TASK TO CARRY OUT: Both the line with "#43=ORIENTED_EDGE('',*,*,#42,.T.);" and the line with "#100=LINE('',#99,#98);" in the records below must appear in the output, along with every line between them, exactly and with nothing added.

DATA TO PROCESS:
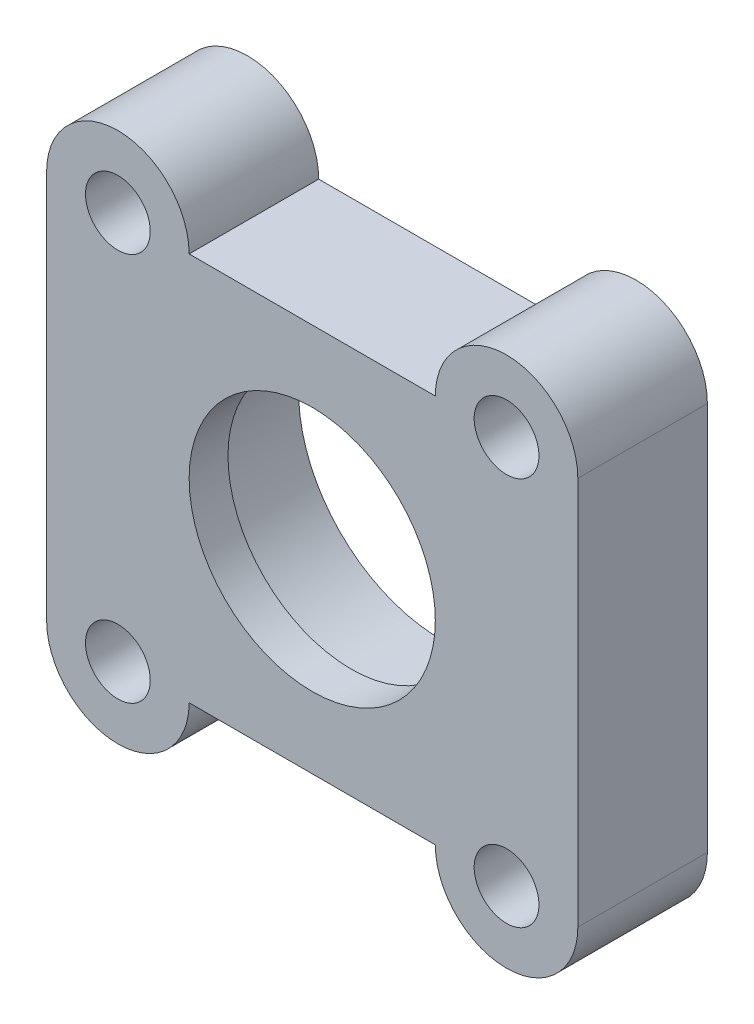
ISO-10303-21;
HEADER;
FILE_DESCRIPTION(('STEP AP214'),'2;1');
FILE_NAME('part.step','',(''),(''),'','','');
FILE_SCHEMA(('AUTOMOTIVE_DESIGN { 1 0 10303 214 1 1 1 1 }'));
ENDSEC;
DATA;
#1=APPLICATION_CONTEXT('core data for automotive mechanical design processes');
#2=APPLICATION_PROTOCOL_DEFINITION('international standard','automotive_design',2000,#1);
#3=PRODUCT_CONTEXT('',#1,'mechanical');
#4=PRODUCT('Part','Part','',(#3));
#5=PRODUCT_RELATED_PRODUCT_CATEGORY('part','',(#4));
#6=PRODUCT_DEFINITION_FORMATION('','',#4);
#7=PRODUCT_DEFINITION_CONTEXT('part definition',#1,'design');
#8=PRODUCT_DEFINITION('design','',#6,#7);
#9=PRODUCT_DEFINITION_SHAPE('','',#8);
#10=(LENGTH_UNIT() NAMED_UNIT(*) SI_UNIT(.MILLI.,.METRE.));
#11=(NAMED_UNIT(*) PLANE_ANGLE_UNIT() SI_UNIT($,.RADIAN.));
#12=(NAMED_UNIT(*) SI_UNIT($,.STERADIAN.) SOLID_ANGLE_UNIT());
#13=UNCERTAINTY_MEASURE_WITH_UNIT(LENGTH_MEASURE(1.E-05),#10,'distance_accuracy_value','');
#14=(GEOMETRIC_REPRESENTATION_CONTEXT(3) GLOBAL_UNCERTAINTY_ASSIGNED_CONTEXT((#13)) GLOBAL_UNIT_ASSIGNED_CONTEXT((#10,
#11,#12)) REPRESENTATION_CONTEXT('',''));
#15=CARTESIAN_POINT('',(0.,0.,0.));
#16=DIRECTION('',(0.,0.,1.));
#17=DIRECTION('',(1.,0.,0.));
#18=AXIS2_PLACEMENT_3D('',#15,#16,#17);
#19=CARTESIAN_POINT('',(-37.3783911926846,15.0743296636187,10.));
#20=DIRECTION('',(0.,0.,-1.));
#21=DIRECTION('',(-1.,0.,0.));
#22=AXIS2_PLACEMENT_3D('',#19,#20,#21);
#23=CYLINDRICAL_SURFACE('',#22,11.05);
#24=CARTESIAN_POINT('',(-37.3783911926846,15.0743296636187,0.));
#25=DIRECTION('',(0.,0.,1.));
#26=DIRECTION('',(1.,0.,0.));
#27=AXIS2_PLACEMENT_3D('',#24,#25,#26);
#28=CIRCLE('',#27,11.05);
#29=CARTESIAN_POINT('',(-26.3283911926846,15.0743296636187,0.));
#30=VERTEX_POINT('',#29);
#31=EDGE_CURVE('E139',#30,#30,#28,.T.);
#32=ORIENTED_EDGE('',*,*,#31,.F.);
#33=EDGE_LOOP('',(#32));
#34=FACE_BOUND('',#33,.T.);
#35=CARTESIAN_POINT('',(-37.3783911926846,15.0743296636187,7.));
#36=DIRECTION('',(0.,0.,1.));
#37=DIRECTION('',(1.,0.,0.));
#38=AXIS2_PLACEMENT_3D('',#35,#36,#37);
#39=CIRCLE('',#38,11.05);
#40=CARTESIAN_POINT('',(-26.3283911926846,15.0743296636187,7.));
#41=VERTEX_POINT('',#40);
#42=EDGE_CURVE('E40',#41,#41,#39,.T.);
#43=ORIENTED_EDGE('',*,*,#42,.T.);
#44=EDGE_LOOP('',(#43));
#45=FACE_BOUND('',#44,.T.);
#46=ADVANCED_FACE('F36',(#34,#45),#23,.F.);
#47=CARTESIAN_POINT('',(-52.3783911926845,30.0743296636187,10.));
#48=DIRECTION('',(0.,0.,-1.));
#49=DIRECTION('',(-1.,0.,0.));
#50=AXIS2_PLACEMENT_3D('',#47,#48,#49);
#51=PLANE('',#50);
#52=CARTESIAN_POINT('',(-52.3783911926845,30.0743296636187,10.));
#53=DIRECTION('',(0.,0.,1.));
#54=DIRECTION('',(-1.,0.,0.));
#55=AXIS2_PLACEMENT_3D('',#52,#53,#54);
#56=CIRCLE('',#55,5.5);
#57=CARTESIAN_POINT('',(-46.8783911926846,30.0743296636187,10.));
#58=VERTEX_POINT('',#57);
#59=CARTESIAN_POINT('',(-57.8783911926846,30.0743296636187,10.));
#60=VERTEX_POINT('',#59);
#61=EDGE_CURVE('E150',#58,#60,#56,.T.);
#62=ORIENTED_EDGE('',*,*,#61,.T.);
#63=DIRECTION('',(0.,-1.,0.));
#64=VECTOR('',#63,1.);
#65=CARTESIAN_POINT('',(-57.8783911926846,30.0743296636187,10.));
#66=LINE('',#65,#64);
#67=CARTESIAN_POINT('',(-57.8783911926846,0.0743296636185652,10.));
#68=VERTEX_POINT('',#67);
#69=EDGE_CURVE('E97',#60,#68,#66,.T.);
#70=ORIENTED_EDGE('',*,*,#69,.T.);
#71=CARTESIAN_POINT('',(-52.3783911926845,0.0743296636186996,10.));
#72=DIRECTION('',(0.,0.,1.));
#73=DIRECTION('',(1.,0.,0.));
#74=AXIS2_PLACEMENT_3D('',#71,#72,#73);
#75=CIRCLE('',#74,5.5);
#76=CARTESIAN_POINT('',(-46.8783911926845,0.0743296636186996,10.));
#77=VERTEX_POINT('',#76);
#78=EDGE_CURVE('E166',#68,#77,#75,.T.);
#79=ORIENTED_EDGE('',*,*,#78,.T.);
#80=DIRECTION('',(1.,0.,0.));
#81=VECTOR('',#80,1.);
#82=CARTESIAN_POINT('',(-27.8783911926845,0.0743296636187551,10.));
#83=LINE('',#82,#81);
#84=CARTESIAN_POINT('',(-27.8783911926845,0.0743296636187551,10.));
#85=VERTEX_POINT('',#84);
#86=EDGE_CURVE('E179',#77,#85,#83,.T.);
#87=ORIENTED_EDGE('',*,*,#86,.T.);
#88=CARTESIAN_POINT('',(-22.3783911926845,0.0743296636186996,10.));
#89=DIRECTION('',(0.,0.,1.));
#90=DIRECTION('',(-1.,0.,0.));
#91=AXIS2_PLACEMENT_3D('',#88,#89,#90);
#92=CIRCLE('',#91,5.50000000000006);
#93=CARTESIAN_POINT('',(-16.8783911926845,0.074329663618566,10.));
#94=VERTEX_POINT('',#93);
#95=EDGE_CURVE('E117',#85,#94,#92,.T.);
#96=ORIENTED_EDGE('',*,*,#95,.T.);
#97=DIRECTION('',(0.,1.,0.));
#98=VECTOR('',#97,1.);
#99=CARTESIAN_POINT('',(-16.8783911926845,30.0743296636187,10.));
#100=LINE('',#99,#98);
#101=CARTESIAN_POINT('',(-16.8783911926845,30.0743296636187,10.));
#102=VERTEX_POINT('',#101);
#103=EDGE_CURVE('E110',#94,#102,#100,.T.);
#104=ORIENTED_EDGE('',*,*,#103,.T.);
#105=CARTESIAN_POINT('',(-22.3783911926845,30.0743296636187,10.));
#106=DIRECTION('',(0.,0.,1.));
#107=DIRECTION('',(1.,0.,0.));
#108=AXIS2_PLACEMENT_3D('',#105,#106,#107);
#109=CIRCLE('',#108,5.5);
#110=CARTESIAN_POINT('',(-27.8783911926845,30.0743296636187,10.));
#111=VERTEX_POINT('',#110);
#112=EDGE_CURVE('E115',#102,#111,#109,.T.);
#113=ORIENTED_EDGE('',*,*,#112,.T.);
#114=DIRECTION('',(-1.,0.,0.));
#115=VECTOR('',#114,1.);
#116=CARTESIAN_POINT('',(-27.8783911926845,30.0743296636187,10.));
#117=LINE('',#116,#115);
#118=EDGE_CURVE('E54',#111,#58,#117,.T.);
#119=ORIENTED_EDGE('',*,*,#118,.T.);
#120=EDGE_LOOP('',(#62,#70,#79,#87,#96,#104,#113,#119));
#121=FACE_BOUND('',#120,.T.);
#122=CARTESIAN_POINT('',(-22.3783911926845,0.0743296636186996,10.));
#123=DIRECTION('',(0.,0.,1.));
#124=DIRECTION('',(1.,0.,0.));
#125=AXIS2_PLACEMENT_3D('',#122,#123,#124);
#126=CIRCLE('',#125,2.5);
#127=CARTESIAN_POINT('',(-19.8783911926845,0.0743296636186996,10.));
#128=VERTEX_POINT('',#127);
#129=EDGE_CURVE('E187',#128,#128,#126,.T.);
#130=ORIENTED_EDGE('',*,*,#129,.F.);
#131=EDGE_LOOP('',(#130));
#132=FACE_BOUND('',#131,.T.);
#133=CARTESIAN_POINT('',(-52.3783911926845,0.0743296636186996,10.));
#134=DIRECTION('',(0.,0.,1.));
#135=DIRECTION('',(1.,0.,0.));
#136=AXIS2_PLACEMENT_3D('',#133,#134,#135);
#137=CIRCLE('',#136,2.5);
#138=CARTESIAN_POINT('',(-49.8783911926845,0.0743296636186996,10.));
#139=VERTEX_POINT('',#138);
#140=EDGE_CURVE('E191',#139,#139,#137,.T.);
#141=ORIENTED_EDGE('',*,*,#140,.F.);
#142=EDGE_LOOP('',(#141));
#143=FACE_BOUND('',#142,.T.);
#144=CARTESIAN_POINT('',(-52.3783911926845,30.0743296636187,10.));
#145=DIRECTION('',(0.,0.,1.));
#146=DIRECTION('',(1.,0.,0.));
#147=AXIS2_PLACEMENT_3D('',#144,#145,#146);
#148=CIRCLE('',#147,2.5);
#149=CARTESIAN_POINT('',(-49.8783911926845,30.0743296636187,10.));
#150=VERTEX_POINT('',#149);
#151=EDGE_CURVE('E197',#150,#150,#148,.T.);
#152=ORIENTED_EDGE('',*,*,#151,.F.);
#153=EDGE_LOOP('',(#152));
#154=FACE_BOUND('',#153,.T.);
#155=CARTESIAN_POINT('',(-22.3783911926845,30.0743296636187,10.));
#156=DIRECTION('',(0.,0.,1.));
#157=DIRECTION('',(1.,0.,0.));
#158=AXIS2_PLACEMENT_3D('',#155,#156,#157);
#159=CIRCLE('',#158,2.5);
#160=CARTESIAN_POINT('',(-19.8783911926845,30.0743296636187,10.));
#161=VERTEX_POINT('',#160);
#162=EDGE_CURVE('E203',#161,#161,#159,.T.);
#163=ORIENTED_EDGE('',*,*,#162,.F.);
#164=EDGE_LOOP('',(#163));
#165=FACE_BOUND('',#164,.T.);
#166=CARTESIAN_POINT('',(-37.3783911926846,15.0743296636187,10.));
#167=DIRECTION('',(0.,0.,1.));
#168=DIRECTION('',(1.,0.,0.));
#169=AXIS2_PLACEMENT_3D('',#166,#167,#168);
#170=CIRCLE('',#169,9.5);
#171=CARTESIAN_POINT('',(-27.8783911926846,15.0743296636187,10.));
#172=VERTEX_POINT('',#171);
#173=EDGE_CURVE('E211',#172,#172,#170,.T.);
#174=ORIENTED_EDGE('',*,*,#173,.F.);
#175=EDGE_LOOP('',(#174));
#176=FACE_BOUND('',#175,.T.);
#177=ADVANCED_FACE('F112',(#121,#132,#143,#154,#165,#176),#51,.F.);
#178=CARTESIAN_POINT('',(-52.3783911926845,30.0743296636187,0.));
#179=DIRECTION('',(0.,0.,-1.));
#180=DIRECTION('',(-1.,0.,0.));
#181=AXIS2_PLACEMENT_3D('',#178,#179,#180);
#182=PLANE('',#181);
#183=CARTESIAN_POINT('',(-52.3783911926845,30.0743296636187,0.));
#184=DIRECTION('',(0.,0.,1.));
#185=DIRECTION('',(1.,0.,0.));
#186=AXIS2_PLACEMENT_3D('',#183,#184,#185);
#187=CIRCLE('',#186,2.5);
#188=CARTESIAN_POINT('',(-49.8783911926845,30.0743296636187,0.));
#189=VERTEX_POINT('',#188);
#190=EDGE_CURVE('E200',#189,#189,#187,.T.);
#191=ORIENTED_EDGE('',*,*,#190,.T.);
#192=EDGE_LOOP('',(#191));
#193=FACE_BOUND('',#192,.T.);
#194=CARTESIAN_POINT('',(-22.3783911926845,0.0743296636186996,0.));
#195=DIRECTION('',(0.,0.,1.));
#196=DIRECTION('',(1.,0.,0.));
#197=AXIS2_PLACEMENT_3D('',#194,#195,#196);
#198=CIRCLE('',#197,2.5);
#199=CARTESIAN_POINT('',(-19.8783911926845,0.0743296636186996,0.));
#200=VERTEX_POINT('',#199);
#201=EDGE_CURVE('E188',#200,#200,#198,.T.);
#202=ORIENTED_EDGE('',*,*,#201,.T.);
#203=EDGE_LOOP('',(#202));
#204=FACE_BOUND('',#203,.T.);
#205=CARTESIAN_POINT('',(-52.3783911926845,30.0743296636187,0.));
#206=DIRECTION('',(0.,0.,1.));
#207=DIRECTION('',(-1.,0.,0.));
#208=AXIS2_PLACEMENT_3D('',#205,#206,#207);
#209=CIRCLE('',#208,5.5);
#210=CARTESIAN_POINT('',(-46.8783911926846,30.0743296636187,0.));
#211=VERTEX_POINT('',#210);
#212=CARTESIAN_POINT('',(-57.8783911926846,30.0743296636187,0.));
#213=VERTEX_POINT('',#212);
#214=EDGE_CURVE('E135',#211,#213,#209,.T.);
#215=ORIENTED_EDGE('',*,*,#214,.F.);
#216=DIRECTION('',(-1.,0.,0.));
#217=VECTOR('',#216,1.);
#218=CARTESIAN_POINT('',(-27.8783911926845,30.0743296636187,0.));
#219=LINE('',#218,#217);
#220=CARTESIAN_POINT('',(-27.8783911926845,30.0743296636187,0.));
#221=VERTEX_POINT('',#220);
#222=EDGE_CURVE('E89',#221,#211,#219,.T.);
#223=ORIENTED_EDGE('',*,*,#222,.F.);
#224=CARTESIAN_POINT('',(-22.3783911926845,30.0743296636187,0.));
#225=DIRECTION('',(0.,0.,1.));
#226=DIRECTION('',(1.,0.,0.));
#227=AXIS2_PLACEMENT_3D('',#224,#225,#226);
#228=CIRCLE('',#227,5.5);
#229=CARTESIAN_POINT('',(-16.8783911926845,30.0743296636187,0.));
#230=VERTEX_POINT('',#229);
#231=EDGE_CURVE('E83',#230,#221,#228,.T.);
#232=ORIENTED_EDGE('',*,*,#231,.F.);
#233=DIRECTION('',(0.,1.,0.));
#234=VECTOR('',#233,1.);
#235=CARTESIAN_POINT('',(-16.8783911926845,30.0743296636187,0.));
#236=LINE('',#235,#234);
#237=CARTESIAN_POINT('',(-16.8783911926845,0.074329663618566,0.));
#238=VERTEX_POINT('',#237);
#239=EDGE_CURVE('E125',#238,#230,#236,.T.);
#240=ORIENTED_EDGE('',*,*,#239,.F.);
#241=CARTESIAN_POINT('',(-22.3783911926845,0.0743296636186996,0.));
#242=DIRECTION('',(0.,0.,1.));
#243=DIRECTION('',(-1.,0.,0.));
#244=AXIS2_PLACEMENT_3D('',#241,#242,#243);
#245=CIRCLE('',#244,5.50000000000006);
#246=CARTESIAN_POINT('',(-27.8783911926845,0.0743296636187551,0.));
#247=VERTEX_POINT('',#246);
#248=EDGE_CURVE('E145',#247,#238,#245,.T.);
#249=ORIENTED_EDGE('',*,*,#248,.F.);
#250=DIRECTION('',(1.,0.,0.));
#251=VECTOR('',#250,1.);
#252=CARTESIAN_POINT('',(-27.8783911926845,0.0743296636187551,0.));
#253=LINE('',#252,#251);
#254=CARTESIAN_POINT('',(-46.8783911926845,0.0743296636186996,0.));
#255=VERTEX_POINT('',#254);
#256=EDGE_CURVE('E143',#255,#247,#253,.T.);
#257=ORIENTED_EDGE('',*,*,#256,.F.);
#258=CARTESIAN_POINT('',(-52.3783911926845,0.0743296636186996,0.));
#259=DIRECTION('',(0.,0.,1.));
#260=DIRECTION('',(1.,0.,0.));
#261=AXIS2_PLACEMENT_3D('',#258,#259,#260);
#262=CIRCLE('',#261,5.5);
#263=CARTESIAN_POINT('',(-57.8783911926846,0.0743296636185652,0.));
#264=VERTEX_POINT('',#263);
#265=EDGE_CURVE('E141',#264,#255,#262,.T.);
#266=ORIENTED_EDGE('',*,*,#265,.F.);
#267=DIRECTION('',(0.,-1.,0.));
#268=VECTOR('',#267,1.);
#269=CARTESIAN_POINT('',(-57.8783911926846,30.0743296636187,0.));
#270=LINE('',#269,#268);
#271=EDGE_CURVE('E138',#213,#264,#270,.T.);
#272=ORIENTED_EDGE('',*,*,#271,.F.);
#273=EDGE_LOOP('',(#215,#223,#232,#240,#249,#257,#266,#272));
#274=FACE_BOUND('',#273,.T.);
#275=ORIENTED_EDGE('',*,*,#31,.T.);
#276=EDGE_LOOP('',(#275));
#277=FACE_BOUND('',#276,.T.);
#278=CARTESIAN_POINT('',(-52.3783911926845,0.0743296636186996,0.));
#279=DIRECTION('',(0.,0.,1.));
#280=DIRECTION('',(1.,0.,0.));
#281=AXIS2_PLACEMENT_3D('',#278,#279,#280);
#282=CIRCLE('',#281,2.5);
#283=CARTESIAN_POINT('',(-49.8783911926845,0.0743296636186996,0.));
#284=VERTEX_POINT('',#283);
#285=EDGE_CURVE('E194',#284,#284,#282,.T.);
#286=ORIENTED_EDGE('',*,*,#285,.T.);
#287=EDGE_LOOP('',(#286));
#288=FACE_BOUND('',#287,.T.);
#289=CARTESIAN_POINT('',(-22.3783911926845,30.0743296636187,0.));
#290=DIRECTION('',(0.,0.,1.));
#291=DIRECTION('',(1.,0.,0.));
#292=AXIS2_PLACEMENT_3D('',#289,#290,#291);
#293=CIRCLE('',#292,2.5);
#294=CARTESIAN_POINT('',(-19.8783911926845,30.0743296636187,0.));
#295=VERTEX_POINT('',#294);
#296=EDGE_CURVE('E206',#295,#295,#293,.T.);
#297=ORIENTED_EDGE('',*,*,#296,.T.);
#298=EDGE_LOOP('',(#297));
#299=FACE_BOUND('',#298,.T.);
#300=ADVANCED_FACE('F170',(#193,#204,#274,#277,#288,#299),#182,.T.);
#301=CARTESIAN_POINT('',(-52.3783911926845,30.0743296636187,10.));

TASK OUTPUT:
#43=ORIENTED_EDGE('',*,*,#42,.T.);
#44=EDGE_LOOP('',(#43));
#45=FACE_BOUND('',#44,.T.);
#46=ADVANCED_FACE('F36',(#34,#45),#23,.F.);
#47=CARTESIAN_POINT('',(-52.3783911926845,30.0743296636187,10.));
#48=DIRECTION('',(0.,0.,-1.));
#49=DIRECTION('',(-1.,0.,0.));
#50=AXIS2_PLACEMENT_3D('',#47,#48,#49);
#51=PLANE('',#50);
#52=CARTESIAN_POINT('',(-52.3783911926845,30.0743296636187,10.));
#53=DIRECTION('',(0.,0.,1.));
#54=DIRECTION('',(-1.,0.,0.));
#55=AXIS2_PLACEMENT_3D('',#52,#53,#54);
#56=CIRCLE('',#55,5.5);
#57=CARTESIAN_POINT('',(-46.8783911926846,30.0743296636187,10.));
#58=VERTEX_POINT('',#57);
#59=CARTESIAN_POINT('',(-57.8783911926846,30.0743296636187,10.));
#60=VERTEX_POINT('',#59);
#61=EDGE_CURVE('E150',#58,#60,#56,.T.);
#62=ORIENTED_EDGE('',*,*,#61,.T.);
#63=DIRECTION('',(0.,-1.,0.));
#64=VECTOR('',#63,1.);
#65=CARTESIAN_POINT('',(-57.8783911926846,30.0743296636187,10.));
#66=LINE('',#65,#64);
#67=CARTESIAN_POINT('',(-57.8783911926846,0.0743296636185652,10.));
#68=VERTEX_POINT('',#67);
#69=EDGE_CURVE('E97',#60,#68,#66,.T.);
#70=ORIENTED_EDGE('',*,*,#69,.T.);
#71=CARTESIAN_POINT('',(-52.3783911926845,0.0743296636186996,10.));
#72=DIRECTION('',(0.,0.,1.));
#73=DIRECTION('',(1.,0.,0.));
#74=AXIS2_PLACEMENT_3D('',#71,#72,#73);
#75=CIRCLE('',#74,5.5);
#76=CARTESIAN_POINT('',(-46.8783911926845,0.0743296636186996,10.));
#77=VERTEX_POINT('',#76);
#78=EDGE_CURVE('E166',#68,#77,#75,.T.);
#79=ORIENTED_EDGE('',*,*,#78,.T.);
#80=DIRECTION('',(1.,0.,0.));
#81=VECTOR('',#80,1.);
#82=CARTESIAN_POINT('',(-27.8783911926845,0.0743296636187551,10.));
#83=LINE('',#82,#81);
#84=CARTESIAN_POINT('',(-27.8783911926845,0.0743296636187551,10.));
#85=VERTEX_POINT('',#84);
#86=EDGE_CURVE('E179',#77,#85,#83,.T.);
#87=ORIENTED_EDGE('',*,*,#86,.T.);
#88=CARTESIAN_POINT('',(-22.3783911926845,0.0743296636186996,10.));
#89=DIRECTION('',(0.,0.,1.));
#90=DIRECTION('',(-1.,0.,0.));
#91=AXIS2_PLACEMENT_3D('',#88,#89,#90);
#92=CIRCLE('',#91,5.50000000000006);
#93=CARTESIAN_POINT('',(-16.8783911926845,0.074329663618566,10.));
#94=VERTEX_POINT('',#93);
#95=EDGE_CURVE('E117',#85,#94,#92,.T.);
#96=ORIENTED_EDGE('',*,*,#95,.T.);
#97=DIRECTION('',(0.,1.,0.));
#98=VECTOR('',#97,1.);
#99=CARTESIAN_POINT('',(-16.8783911926845,30.0743296636187,10.));
#100=LINE('',#99,#98);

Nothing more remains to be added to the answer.